We are pleased to have a group of researchers from the Basque Center for Applied Mathematics (BCAM) visiting our Department, around their participation in the 7th PhD Workshop of the Department. We look forward to this visit, and we hope it becomes the seed for many fruitful future cooperations. Especifically, the visitors will be José Antonio Lozano, the director of the center and leader of the machine learning research line at BCAM; Santiago Mazuelas, Ramón y Cajal researcher at the macine learning line, and five PhD students: Amaia Abanda Elustondo (machine learning), Iker Beñaran (machine learning), Tamara Dancheva (CFD Computational Technology), Sandeep Kumar (Linear and Non-Linear waves) and Isabella Marinelli (Mathmatical Modelling in Biosciences). They will take part in the activities described below, but if you would like to have additional meetings, feel free to contact them or Aurelio Ruiz to arrange it.

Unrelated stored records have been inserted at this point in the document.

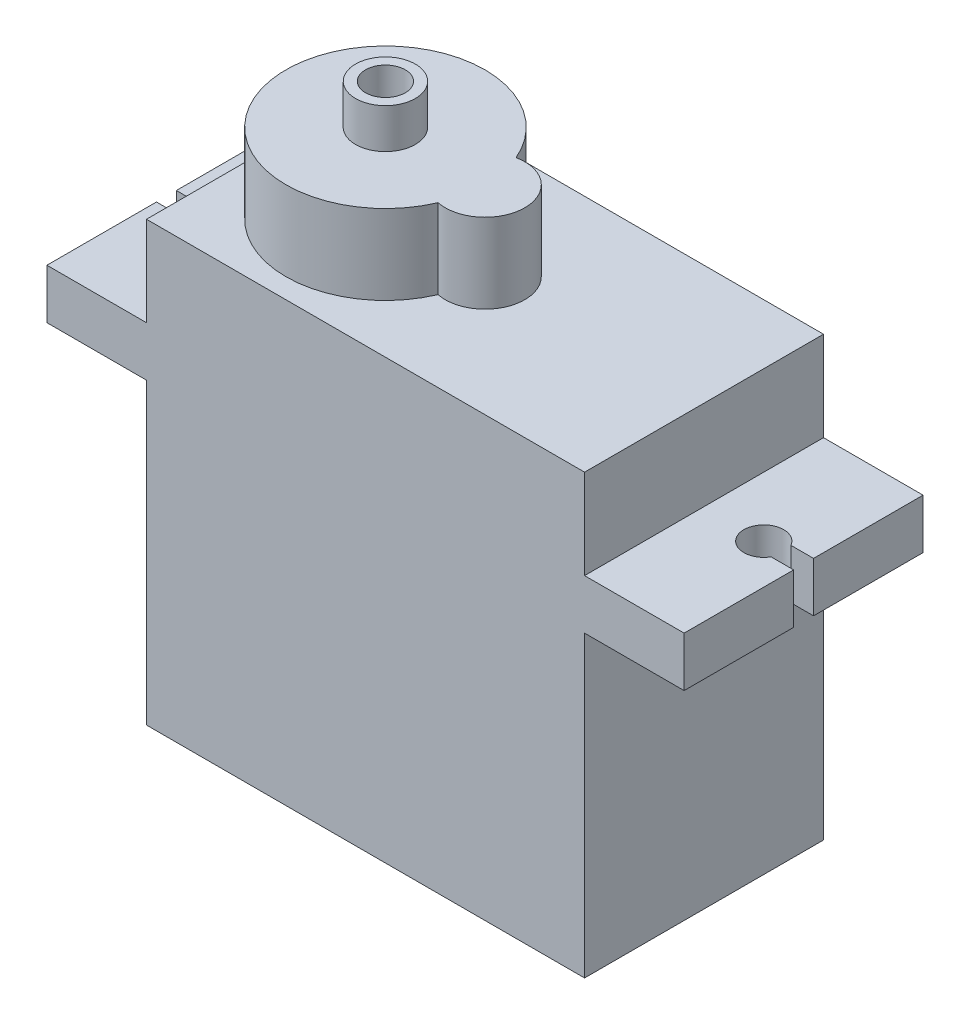
SolidWorks part; units mm, degrees
ref_plane "Front Plane" through (0, 0, 0) normal (0, 0, 1) x (1, 0, 0)
ref_plane "Top Plane" through (0, 0, 0) normal (0, 1, 0) x (1, 0, 0)
ref_plane "Right Plane" through (0, 0, 0) normal (1, 0, 0) x (0, 0, -1)
sketch "Sketch1" plane through (0, 0, 0) normal (0, 1, 0) x (1, 0, 0)
  line L1 (-11, 6) -> (11, 6)
  line L2 (-11, 6) -> (-11, -6)
  line L3 (-11, -6) -> (11, -6)
  line L4 (11, 6) -> (11, -6)
  line L5 (-11, 6) -> (11, -6) construction
  line L6 (-11, -6) -> (11, 6) construction
  point P0 (0, 0)
  dimension "D1" = 22
  dimension "D2" = 12
extrude "Body" add sketch "Sketch1" along normal blind 22 contours L2 L3 L4 L1
ref_plane "Plane1" through (0, 22, 0) normal (0, 1, 0) x (1, 0, 0)
sketch "Sketch2" plane through (0, 22, 0) normal (0, 1, 0) x (1, 0, 0)
  arc A0 (-0.4, 1.9596) -> (-0.4, -1.9596) centre (-5, 0) ccw
  arc A1 (-0.4, -1.9596) -> (-0.4, 1.9596) centre (0, 0) ccw
  dimension "D1" = 10
  dimension "D3" = 4
  dimension "D2" = 5
extrude "Hub" add sketch "Sketch2" along normal blind 4 contours A0 A1
ref_plane "Plane2" through (0, 26, 0) normal (0, 1, 0) x (1, 0, 0)
sketch "Sketch3" plane through (0, 26, 0) normal (0, 1, 0) x (1, 0, 0)
  circle A0 centre (-5, 0) radius 1.5
  dimension "D1" = 3
extrude "Axle" add sketch "Sketch3" along normal blind 2
ref_plane "Plane3" through (0, 15, 0) normal (0, 1, 0) x (1, 0, 0)
sketch "Sketch4" plane through (0, 15, 0) normal (0, 1, 0) x (1, 0, 0)
  line L1 (-16, 6) -> (16, 6)
  line L2 (-16, 6) -> (-16, -6)
  line L3 (-16, -6) -> (16, -6)
  line L4 (16, 6) -> (16, -6)
  line L5 (-16, 6) -> (16, -6) construction
  line L6 (-16, -6) -> (16, 6) construction
  point P0 (0, 0)
  dimension "D1" = 12
  dimension "D2" = 32
extrude "Fin" add sketch "Sketch4" along normal blind 2.5
ref_plane "Plane4" through (-11, 0, 0) normal (-1, 0, 0) x (0, 0, 1)
sketch "Sketch5" plane through (-11, 0, 0) normal (-1, 0, 0) x (0, 0, 1)
  line L1 (-2, 4.5) -> (2, 4.5)
  line L2 (-2, 4.5) -> (-2, 3.5)
  line L3 (-2, 3.5) -> (2, 3.5)
  line L4 (2, 4.5) -> (2, 3.5)
  line L5 (-2, 4.5) -> (2, 3.5) construction
  line L6 (-2, 3.5) -> (2, 4.5) construction
  point P0 (0, 4)
  dimension "D1" = 4
  dimension "D2" = 1
  dimension "D3" = 4
extrude "Wire out" add sketch "Sketch5" along normal blind 0.5
sketch "Sketch6" plane through (0, 15, 0) normal (0, 1, 0) x (1, 0, 0)
  line L0 (-16, 6) -> (-16, -6) construction
  line L1 (0, -6.6) -> (0, 6.6) construction
  circle A0 centre (-14, 0) radius 1
  circle A1 centre (14, 0) radius 1
  point P4 (-16, 0)
  dimension "D1" = 2
  dimension "D2" = 2
extrude "Hole for screws" cut sketch "Sketch6" along normal up to next
ref_plane "Plane5" through (0, 28, 0) normal (0, 1, 0) x (1, 0, 0)
sketch "Sketch7" plane through (0, 28, 0) normal (0, 1, 0) x (1, 0, 0)
  circle A0 centre (-5, 0) radius 1
  dimension "D1" = 2
extrude "Cut-Extrude1" cut sketch "Sketch7" against normal blind 6 contours A0
sketch "Sketch8" plane through (0, 15, 0) normal (0, 1, 0) x (1, 0, 0)
  line L0 (-16.5, 0.5) -> (-14.5, 0.5)
  line L1 (-14.5, 0.5) -> (-14.5, -0.5)
  line L2 (-14.5, -0.5) -> (-16.5, -0.5)
  line L3 (-16.5, -0.5) -> (-16.5, 0.5)
  line L4 (-11, 6) -> (-16, 6) construction
  line L5 (-11, 6) -> (-11, -6) construction
  line L6 (0, -6.6) -> (0, 6.6) construction
  line L7 (14.5, 0.5) -> (14.5, -0.5)
  line L8 (16.5, 0.5) -> (14.5, 0.5)
  line L9 (16.5, -0.5) -> (16.5, 0.5)
  line L10 (14.5, -0.5) -> (16.5, -0.5)
  dimension "D1" = 1
  dimension "D2" = 2
  dimension "D3" = 5.5
  dimension "D4" = 3.5
extrude "Cut-Extrude2" cut sketch "Sketch8" along normal up to next
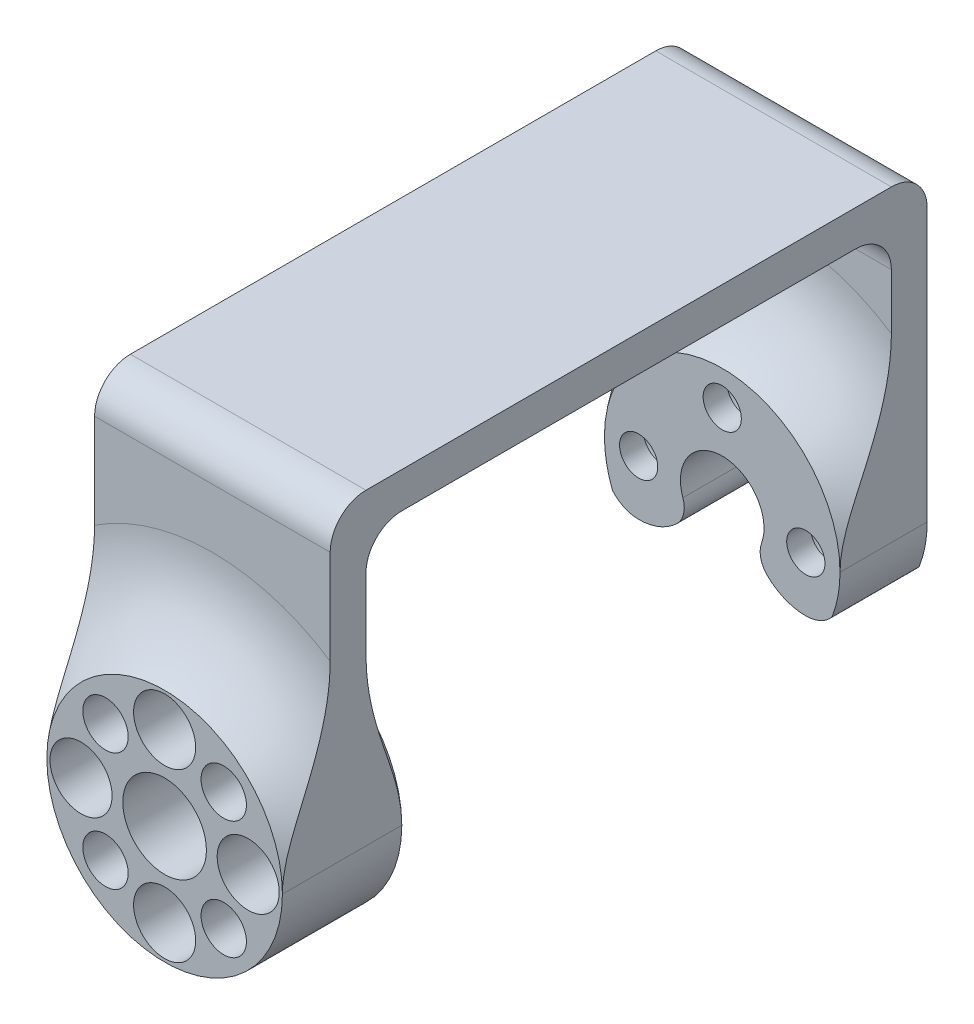
SolidWorks part; units mm, degrees
note: The reader was unsure of these and kept them because the rebuilt part matched: shared geometry of "Sketch4<3>", "Sketch5<4>".
material "PLA"
ref_plane "Front Plane" through (0, 0, 0) normal (1, 0, 0) x (0, 1, 0)
ref_plane "Top Plane" through (0, 0, 0) normal (0, 0, 1) x (0, 1, 0)
ref_plane "Right Plane" through (0, 0, 0) normal (0, 1, 0) x (-1, 0, 0)
sketch "Sketch2" plane through (0, 0, 0) normal (0, 0, 1) x (0, 1, 0)
  line L1 (-201.4286, 287.5871) -> (-181.4286, 287.5871)
  line L2 (-201.4286, 287.5871) -> (-201.4286, 267.8571)
  line L3 (-201.4286, 267.8571) -> (-181.4286, 267.8571)
  line L4 (-181.4286, 287.5871) -> (-181.4286, 267.8571)
  line L5 (-181.4286, 287.5871) -> (-165.4286, 287.5871)
  line L6 (-181.4286, 287.5871) -> (-181.4286, 267.8571)
  line L7 (-181.4286, 267.8571) -> (-165.4286, 267.8571)
  line L8 (-165.4286, 287.5871) -> (-165.4286, 267.8571)
  dimension "D1" = 19.73
  dimension "D2" = 20
  dimension "D3" = 16
extrude "Boss-Extrude1" add sketch "Sketch2" along normal blind 50 contours L8 L5 L4 L7
sketch "Sketch3" plane through (0, -201.4286, 0) normal (0, -1, 0) x (1, 0, 0)
  line L0 (-287.5871, 50) -> (-287.5871, 0) construction
  line L1 (-287.5871, 47) -> (-267.8571, 47)
  line L2 (-287.5871, 47) -> (-287.5871, 3)
  line L3 (-287.5871, 3) -> (-267.8571, 3)
  line L4 (-267.8571, 47) -> (-267.8571, 3)
  line L5 (-267.8571, 50) -> (-267.8571, 0) construction
  line L6 (-287.5871, 0) -> (-267.8571, 0) construction
  line L7 (-287.5871, 50) -> (-267.8571, 50) construction
  dimension "D1" = 3
  dimension "D2" = 3
extrude "Cut-Extrude1" cut sketch "Sketch3" against normal offset from surface (33 mm away) 3 up to face at (-277.7221, -165.4286, 25)
fillet "Fillet1" radius 3 4 edges at (-277.7221, -165.4286, 50) (-277.7221, -165.4286, 0) (-277.7221, -168.4286, 47) (-277.7221, -168.4286, 3)
sketch "Sketch4" plane through (0, 0, 0) normal (0, 0, -1) x (1, 0, 0)
  line L0 (-277.7221, 165.4286) -> (-277.7221, 201.4286) construction
  line L1 (-267.8571, 165.4286) -> (-287.5871, 165.4286) construction
  line L2 (-287.5871, 201.4286) -> (-267.8571, 201.4286) construction
  line L3 (-284.7225, 191.2286) -> (-277.7221, 198.2289) construction
  line L4 (-277.7221, 198.2289) -> (-270.7218, 191.2286) construction
  line L5 (-270.7218, 191.2286) -> (-277.7221, 184.2282) construction
  line L6 (-277.7221, 184.2282) -> (-284.7225, 191.2286) construction
  line L7 (-287.5871, 195.8286) -> (-284.7225, 195.8286)
  line L8 (-287.5871, 201.4286) -> (-287.5871, 168.4286) construction
  line L9 (-267.8571, 195.8286) -> (-270.7218, 195.8286)
  line L10 (-267.8571, 201.4286) -> (-267.8571, 168.4286) construction
  circle A0 centre (-277.7221, 191.2286) radius 7.0004
  circle A1 centre (-277.7221, 198.2289) radius 1.6
  circle A2 centre (-270.7218, 191.2286) radius 1.6
  circle A3 centre (-284.7225, 191.2286) radius 1.6
  circle A8 centre (-277.7221, 184.2282) radius 1.6
  arc A9 (-284.7225, 195.8286) -> (-280.5859, 189.2164) centre (-284.7225, 191.2286) cw
  arc A10 (-280.5859, 189.2164) -> (-274.8584, 189.2164) centre (-277.7221, 191.2286) ccw
  circle A11 centre (-277.7221, 191.2286) radius 3.5
  arc A12 (-270.7218, 195.8286) -> (-274.8584, 189.2164) centre (-270.7218, 191.2286) ccw
  circle A13 centre (-277.7221, 191.2286) radius 9.865
  point P29 (-275.2718, 191.2286)
  point P30 (-280.6421, 189.2988)
  line M1 (-287.5871, 201.4286) -> (-287.5871, 168.4286)
  line M3 (-267.8571, 168.4286) -> (-267.8571, 201.4286)
  line M4 (-267.8571, 201.4286) -> (-287.5871, 201.4286)
  dimension "D1" = 10.2
  dimension "D2" = 3.2
  dimension "D4" = 7
  dimension "D5" = 3
  dimension "D3" = 9.9
extrude "Cut-Extrude2" cut sketch "Sketch4" against normal up to next contours A12 A0 A1 A9 A10 A11 | A11 | L9 A13 L7 A9 A0 A1 A12 | A13 L9 L7 M3 M4 M1 | A11 A12 | A9 A11 | A3 | A2 | A8
fillet "Fillet2" radius 2.85 2 edges at (-267.8571, -195.8286, 1.5) (-287.5871, -195.8286, 1.5)
extrude "Cut-Extrude3" cut sketch "Sketch4<3>" against normal through all from surface at -47 contours A11 | A0 A1 | A0 A1 | A0 A3 | A0 A3 | A0 A8 | A0 A8 | A0 A2 | A0 A2 | A9 A11 | A11 A12 | A13
sketch "Sketch4<3>" plane through (0, 0, 0) normal (0, 0, -1) x (1, 0, 0) same geometry as "Sketch4"
sketch "Sketch5" plane through (0, 0, 50) normal (0, 0, 1) x (1, 0, 0)
  line L0 (-282.6721, -186.2786) -> (-272.7721, -186.2786) construction
  line L1 (-272.7721, -186.2786) -> (-272.7721, -196.1786) construction
  line L2 (-272.7721, -196.1786) -> (-282.6721, -196.1786) construction
  line L3 (-282.6721, -186.2786) -> (-282.6721, -196.1786) construction
  line L4 (-282.6721, -186.2786) -> (-272.7721, -196.1786) construction
  line L5 (-282.6721, -196.1786) -> (-272.7721, -186.2786) construction
  line L6 (-287.5871, -201.4286) -> (-287.5871, -168.4286) construction
  circle A1 centre (-277.7221, -191.2286) radius 3.5 construction
  circle A2 centre (-277.7221, -191.2286) radius 9.865
  circle A3 centre (-270.7218, -191.2286) radius 1.6 construction
  circle A4 centre (-277.7221, -184.2282) radius 1.6 construction
  circle A5 centre (-284.7225, -191.2286) radius 1.6 construction
  circle A6 centre (-270.7218, -191.2286) radius 1.6
  circle A7 centre (-277.7221, -184.2282) radius 1.6
  circle A8 centre (-284.7225, -191.2286) radius 1.6
  circle A9 centre (-284.7225, -191.2286) radius 2.6
  circle A10 centre (-277.7221, -184.2282) radius 2.6
  circle A11 centre (-270.7218, -191.2286) radius 2.6
  circle A12 centre (-282.6721, -186.2786) radius 1.9
  circle A13 centre (-272.7721, -186.2786) radius 1.9
  circle A14 centre (-272.7721, -196.1786) radius 1.9
  circle A15 centre (-282.6721, -196.1786) radius 1.9
  circle A17 centre (-277.7221, -191.2286) radius 3.5
  circle A18 centre (-277.7221, -198.2289) radius 1.6 construction
  circle A19 centre (-277.7221, -198.2289) radius 1.6
  circle A20 centre (-277.7221, -198.2289) radius 2.6
  circle M41 centre (-284.7225, -191.2286) radius 1.6
  circle M42 centre (-277.7221, -198.2289) radius 1.6
  circle M43 centre (-270.7218, -191.2286) radius 1.6
  circle M44 centre (-277.7221, -184.2282) radius 1.6
  circle M45 centre (-277.7221, -191.2286) radius 3.5
  dimension "D1" = 1
  dimension "D2" = 3.8
  dimension "D3" = 9.9
  dimension "D4" = 1
extrude "Boss-Extrude3" add sketch "Sketch5" along normal blind 4 contours A2 A20 A15 A14 A13 A12 A11 A10 A9 M45
sketch "Sketch6" plane through (0, 0, 54) normal (0, 0, 1) x (1, 0, 0)
  line L0 (-287.5871, -168.4286) -> (-287.5871, -191.2286) construction
  line L1 (-267.8571, -191.2286) -> (-267.8571, -168.4286) construction
  line L2 (-267.8571, -168.4286) -> (-287.5871, -168.4286) construction
  line L3 (-267.8571, -201.4286) -> (-267.8571, -191.2286) construction
  line L4 (-287.5871, -191.2286) -> (-287.5871, -201.4286) construction
  line L5 (-287.5871, -201.4286) -> (-267.8571, -201.4286) construction
  line L6 (-287.5871, -168.4286) -> (-287.5871, -191.2286)
  line L7 (-267.8571, -191.2286) -> (-267.8571, -168.4286)
  line L8 (-267.8571, -168.4286) -> (-287.5871, -168.4286)
  line L9 (-267.8571, -201.4286) -> (-267.8571, -191.2286)
  line L10 (-287.5871, -191.2286) -> (-287.5871, -201.4286)
  line L11 (-287.5871, -201.4286) -> (-267.8571, -201.4286)
  arc A0 (-267.8571, -191.2286) -> (-287.5871, -191.2286) centre (-277.7221, -191.2286) ccw construction
  circle A1 centre (-277.7221, -191.2286) radius 9.865
  circle A2 centre (-277.7221, -191.2286) radius 9.865
  arc A3 (-287.5871, -191.2286) -> (-267.8571, -191.2286) centre (-277.7221, -191.2286) ccw construction
  arc A4 (-267.8571, -191.2286) -> (-287.5871, -191.2286) centre (-277.7221, -191.2286) ccw
  arc A5 (-287.5871, -191.2286) -> (-267.8571, -191.2286) centre (-277.7221, -191.2286) ccw
  circle M11 centre (-277.7221, -191.2286) radius 9.865
  dimension "D1" = 0
extrude "Cut-Extrude4" cut sketch "Sketch6" against normal through all contours L10 L11 L9 M11
sketch "Sketch7" plane through (0, 0, 47) normal (0, 0, -1) x (1, 0, 0)
  circle A0 centre (-270.7218, 191.2286) radius 1.6 construction
  circle A1 centre (-277.7221, 198.2289) radius 1.6
  circle A2 centre (-277.7221, 198.2289) radius 1.6
  circle A3 centre (-277.7221, 184.2282) radius 1.6 construction
  circle A4 centre (-284.7225, 191.2286) radius 1.6 construction
  circle A5 centre (-270.7218, 191.2286) radius 1.6
  circle A6 centre (-277.7221, 184.2282) radius 1.6
  circle A7 centre (-284.7225, 191.2286) radius 1.6
  circle A8 centre (-277.7221, 191.2286) radius 3.5
  circle A9 centre (-277.7221, 191.2286) radius 9.865
  arc A10 (-267.8571, 191.2286) -> (-287.5871, 191.2286) centre (-277.7221, 191.2286) ccw construction
  dimension "D1" = 0
extrude "Boss-Extrude4" add sketch "Sketch7" along normal blind 3
sketch "Sketch8" plane through (0, 0, 3) normal (0, 0, 1) x (1, 0, 0)
  line L0 (-287.5871, -171.4286) -> (-287.5871, -191.2286) construction
  line L1 (-267.8571, -171.4286) -> (-267.8571, -191.2286) construction
  line L2 (-287.5871, -171.4286) -> (-287.5871, -191.2286)
  line L3 (-267.8571, -171.4286) -> (-267.8571, -191.2286)
  arc A0 (-284.7225, -195.8286) -> (-280.5859, -193.2407) centre (-284.7225, -191.2286) ccw construction
  arc A1 (-286.9083, -194.8248) -> (-284.7371, -195.8286) centre (-284.7371, -192.9786) ccw construction
  arc A2 (-287.5871, -191.2286) -> (-286.9083, -194.8248) centre (-277.7221, -191.2286) ccw construction
  arc A3 (-268.536, -194.8248) -> (-267.8571, -191.2286) centre (-277.7221, -191.2286) ccw construction
  arc A4 (-270.7071, -195.8286) -> (-268.536, -194.8248) centre (-270.7071, -192.9786) ccw construction
  arc A5 (-274.8584, -193.2407) -> (-270.7218, -195.8286) centre (-270.7218, -191.2286) ccw construction
  arc A6 (-284.7225, -195.8286) -> (-280.5859, -193.2407) centre (-284.7225, -191.2286) ccw
  arc A7 (-286.9083, -194.8248) -> (-284.7371, -195.8286) centre (-284.7371, -192.9786) ccw
  arc A8 (-287.5871, -191.2286) -> (-286.9083, -194.8248) centre (-277.7221, -191.2286) ccw
  arc A9 (-268.536, -194.8248) -> (-267.8571, -191.2286) centre (-277.7221, -191.2286) ccw
  arc A10 (-270.7071, -195.8286) -> (-268.536, -194.8248) centre (-270.7071, -192.9786) ccw
  arc A11 (-274.8584, -193.2407) -> (-270.7218, -195.8286) centre (-270.7218, -191.2286) ccw
  arc A12 (-274.8584, -193.2407) -> (-280.5859, -193.2407) centre (-277.7221, -191.2286) ccw construction
  circle A13 centre (-284.7225, -191.2286) radius 1.6
  circle A14 centre (-284.7225, -191.2286) radius 1.6
  circle A15 centre (-277.7221, -184.2282) radius 1.6
  circle A16 centre (-277.7221, -184.2282) radius 1.6
  circle A17 centre (-270.7218, -191.2286) radius 1.6
  circle A18 centre (-270.7218, -191.2286) radius 1.6
  arc A19 (-274.8584, -193.2407) -> (-280.5859, -193.2407) centre (-277.7221, -191.2286) ccw
  circle A20 centre (-277.7221, -191.2286) radius 9.865
  circle A21 centre (-277.7221, -191.2286) radius 9.865 construction
  circle M5 centre (-277.7221, -184.2282) radius 1.6
  circle M6 centre (-270.7218, -191.2286) radius 1.6
  circle M7 centre (-284.7225, -191.2286) radius 1.6
  arc M8 (-268.536, -194.8248) -> (-267.8571, -191.2286) centre (-277.7221, -191.2286) ccw
  arc M12 (-287.5871, -191.2286) -> (-286.9083, -194.8248) centre (-277.7221, -191.2286) ccw
  arc M13 (-286.9083, -194.8248) -> (-284.7371, -195.8286) centre (-284.7371, -192.9786) ccw
  line M14 (-284.7371, -195.8286) -> (-284.7225, -195.8286)
  arc M15 (-284.7225, -195.8286) -> (-280.5859, -193.2407) centre (-284.7225, -191.2286) ccw
  arc M16 (-280.5859, -193.2407) -> (-274.8584, -193.2407) centre (-277.7221, -191.2286) cw
  arc M17 (-274.8584, -193.2407) -> (-270.7218, -195.8286) centre (-270.7218, -191.2286) ccw
  line M18 (-270.7218, -195.8286) -> (-270.7071, -195.8286)
  arc M19 (-270.7071, -195.8286) -> (-268.536, -194.8248) centre (-270.7071, -192.9786) ccw
  dimension "D1" = 0
  dimension "D2" = 0
  dimension "D3" = 0
extrude "Boss-Extrude5" add sketch "Sketch8" along normal blind 4.3 contours A20 M8 M12 M13 M14 M15 M16 M17 M18 M19 M6 M7 M5
sketch "Sketch9" plane through (0, 0, 0) normal (0, 0, -1) x (1, 0, 0)
  circle A13 centre (-284.7225, 191.2286) radius 2.6
  circle A14 centre (-284.7225, 191.2286) radius 2.6
  circle A16 centre (-277.7221, 184.2282) radius 2.6
  circle A17 centre (-277.7221, 184.2282) radius 2.6
  circle A19 centre (-270.7218, 191.2286) radius 2.6
  circle A20 centre (-270.7218, 191.2286) radius 2.6
  dimension "D1" = 1
  dimension "D2" = 1
  dimension "D3" = 1
extrude "Cut-Extrude5" cut sketch "Sketch9" against normal offset from surface (5.3 mm away) 2 up to face at (-269.1218, -191.2286, 7.3)
extrude "Cut-Extrude6" cut sketch "Sketch5<4>" against normal offset from surface (4 mm away) 2 contours A20 M42 | A11 M43 | A10 M44 | A9 M41 up to face at (-286.3225, -191.2286, 44)
sketch "Sketch5<4>" plane through (0, 0, 50) normal (0, 0, 1) x (1, 0, 0) same geometry as "Sketch5"
fillet "Fillet3" radius 10 3 edges at (-277.7221, -181.3636, 50) (-277.7221, -181.3636, 47) (-277.7221, -181.3636, 3)
fillet "Fillet4" radius 2 2 edges at (-280.5859, -193.2407, 3.65) (-274.8584, -193.2407, 3.65)
sketch "Sketch11" plane through (0, 0, 54) normal (0, 0, 1) x (1, 0, 0)
  circle A0 centre (-272.7721, -196.1786) radius 1.9 construction
  circle A1 centre (-282.6721, -196.1786) radius 1.9 construction
  circle A2 centre (-272.7721, -186.2786) radius 1.9 construction
  circle A3 centre (-282.6721, -186.2786) radius 1.9 construction
  circle A4 centre (-272.7721, -196.1786) radius 1.9
  circle A5 centre (-282.6721, -196.1786) radius 1.9
  circle A6 centre (-272.7721, -186.2786) radius 1.9
  circle A7 centre (-282.6721, -186.2786) radius 1.9
extrude "Cut-Extrude7" cut sketch "Sketch11" against normal blind 6

The day before the workshop Santiago Mazuelas will give a seminar (15:30h, room 55.309, webpage for seminars) titled "Data processing under uncertainty and tractability limitations” (see full details below).

On April 4th, the following 5 PhD students from BCAM will join the PhD Workshop (see abstracts below):

  • Amaia Abanda Elustondo. Discriminatory Features Extraction for Algorithm-Type Selection in Time Series Classification
  • Iker Beñaran. Crowd Learning with Candidate Labeling: an EM-based Solution
  • Tamara Dancheva. Distributed memory algorithms for Finite Element computing in FEniCS with applications in continuum mechanics
  • Sandeep Kumar. On the evolution of Vortex Filament Equation for regular M-polygons with nonzero torsion
  • Isabella Marinelli. On the Integrated Oscillator Model for Pancreatic β-cells: Development, Results, and Applications

In addition, on April 8th DTIC-UPF and BCAM, as leaders of the working group on Open Science in the network of Severo Ochoa and María de Maeztu Centers and Units of Excellence (SOMMA), organise an Open Science Day.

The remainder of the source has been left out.